Worried About Student Debt? Ask a Counselor

By: Patrick O'Connor Ph.D

It happens every year.  No sooner does school let out, and counselors complete their extra couple of days/weeks/months of work, and the headlines fill with a story that directly impacts our work.

This year’s topic is student debt.  Many articles are posted each May about the high price of college, but this year brought more of them than ever.  Many of them went to great lengths to include examples of students who took out $80-100,000 in loans to complete Bachelors’ degrees that held small value in the job market.  This has led to a number of articles countering that, all things equal, statistics show student debt isn’t all that much worse than it was ten or twenty years ago.  Now, in late June, the articles are challenging the data used in these articles, with the “sky is falling” team and the “things have always been this way” team trying to outmaneuver each other with discussions of mean, average, and outliers.

It’s important to read these articles, but it’s even more important to do so with a wary eye.  Yes, there are students who take out $80,000 loans to get degrees in things like Medieval Art History, but there aren’t that many, or the average debt load of graduates would be $80,000, when it’s currently $33,000.  That’s still a lot of money, unless of course your degree is in Engineering, when you will likely get a job before college is over, and that job will pay at least $55,000 a year.  That means $30,000 in debt isn’t a risky loan; it’s a wise investment. 
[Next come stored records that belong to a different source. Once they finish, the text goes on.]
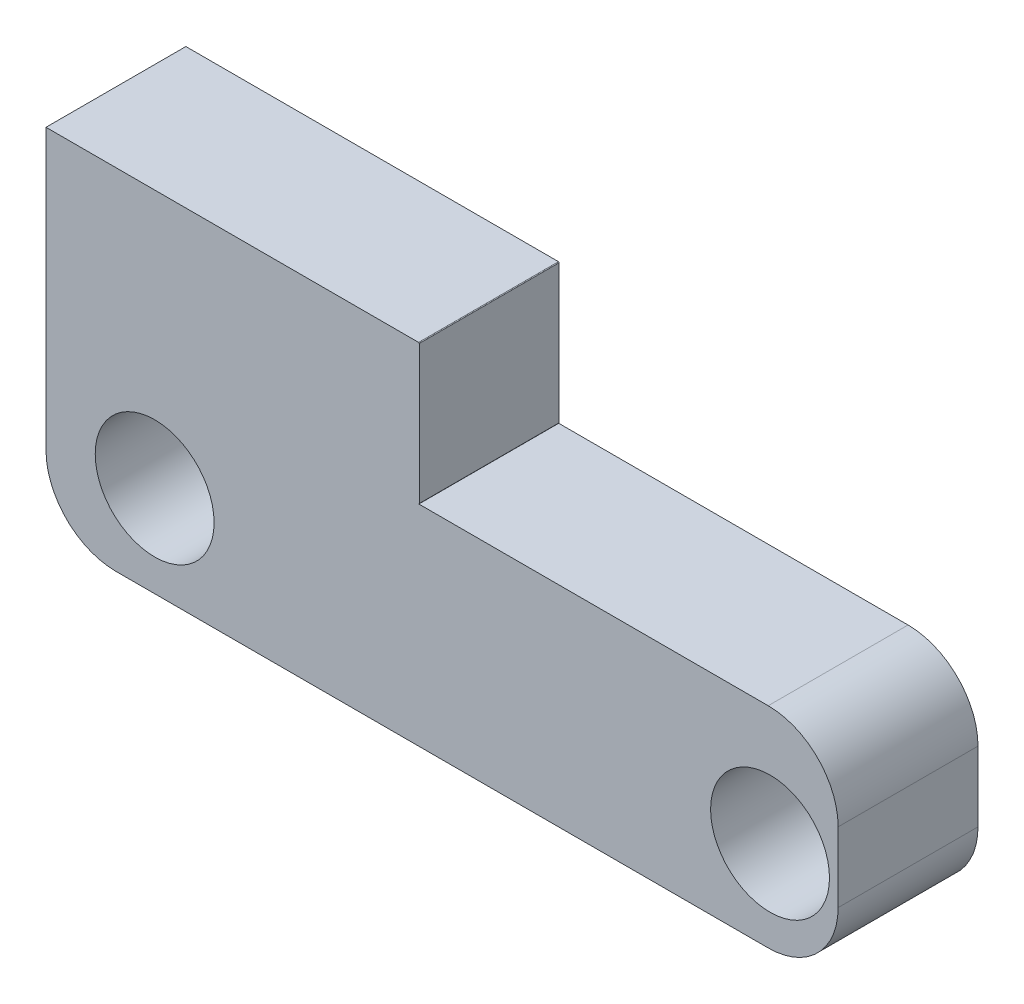
SolidWorks part; units mm, degrees
ref_plane "Front Plane" through (0, 0, 0) normal (0, 0, 1) x (1, 0, 0)
ref_plane "Top Plane" through (0, 0, 0) normal (0, 1, 0) x (1, 0, 0)
ref_plane "Right Plane" through (0, 0, 0) normal (1, 0, 0) x (0, 0, -1)
sketch "Esboço1" plane through (0, 0, 0) normal (0, 0, 1) x (1, 0, 0)
  line L0 (-26.6892, 0) -> (-26.6892, 10)
  line L13 (-26.6892, 0) -> (-0.05, 0)
  line L14 (0, 0.05) -> (0, 9.95)
  line L15 (-0.05, 10) -> (-26.6892, 10)
  arc A13 (-0.05, 0) -> (0, 0.05) centre (-0.05, 0.05) ccw
  arc A14 (0, 9.95) -> (-0.05, 10) centre (-0.05, 9.95) ccw
extrude "Ressalto-extrusão1" add sketch "Esboço1" along normal blind 10
sketch "Esboço2" plane through (0, 0, 0) normal (0, -1, 0) x (1, 0, 0)
  line L8 (-26.6892, 0) -> (-0.05, 0)
  line L9 (-0.05, 0) -> (-0.05, 10)
  line L10 (-0.05, 10) -> (-26.6892, 10)
  line L11 (-26.6892, 10) -> (-26.6892, 0)
  line L12 (-26.6892, 0) -> (-0.05, 0)
  line L13 (-0.05, 0) -> (-0.05, 10)
  line L14 (-0.05, 10) -> (-26.6892, 10)
  line L15 (-26.6892, 10) -> (-26.6892, 0)
  dimension "D1" = 0
extrude "Ressalto-extrusão2" add sketch "Esboço2" along normal blind 15
sketch "Esboço3" plane through (-0.05, 0, 0) normal (1, 0, 0) x (0, 0, -1)
  line L8 (0, 0) -> (-10, 0)
  line L9 (-10, 0) -> (-10, -15)
  line L10 (-10, -15) -> (0, -15)
  line L11 (0, -15) -> (0, 0)
  line L12 (0, 0) -> (-10, 0)
  line L13 (-10, 0) -> (-10, -15)
  line L14 (-10, -15) -> (0, -15)
  line L15 (0, -15) -> (0, 0)
  dimension "D1" = 0
extrude "Ressalto-extrusão3" add sketch "Esboço3" along normal blind 30
sketch "Esboço4" plane through (0, 0, 0) normal (0, 0, -1) x (-1, 0, 0)
  circle A2 centre (-25.08, -8.4733) radius 4.25
  circle A3 centre (-25.08, -8.4733) radius 4.25
  circle A5 centre (18.92, -8.4733) radius 4.25
  circle A6 centre (18.92, -8.4733) radius 4.25
  dimension "D1" = 0
  dimension "D2" = 0
extrude "Corte-extrusão1" cut sketch "Esboço4" against normal blind 30
fillet "Filete1" radius 5 3 edges at (-26.6892, -15, 5) (29.95, -15, 5) (29.95, 0, 5)

On the other hand, it really probably is a very bad idea to take $33,000 in loans to attend a local “college” that promises you a great-paying job in six months, when you have never heard of that college before they called you at home.  If their results were really that good, there’s a great chance someone—your parents, a friend, your counselor—would have told you about this at some point in your high school career. 

Beyond offering bad advice for students and parents, these articles hold a higher likelihood for compelling mischief when they recommend policy changes based on their limited use of statistics.  The “do nothing” crowd is totally oblivious to the number of debt-endowed students who are living with their parents—but that is where we find the largest increase in indebted students. 

At the same time, a remarkable number of high borrowers choose to attend higher-priced private colleges, rather than the lower-priced universities that, as a rule, are considered less prestigious.   Many people would rather drive an Accura than a Camry, but should we really alter college loan policies just because those who can well afford the Camry take loans to support a poorly-informed choice to go for the flashier ride?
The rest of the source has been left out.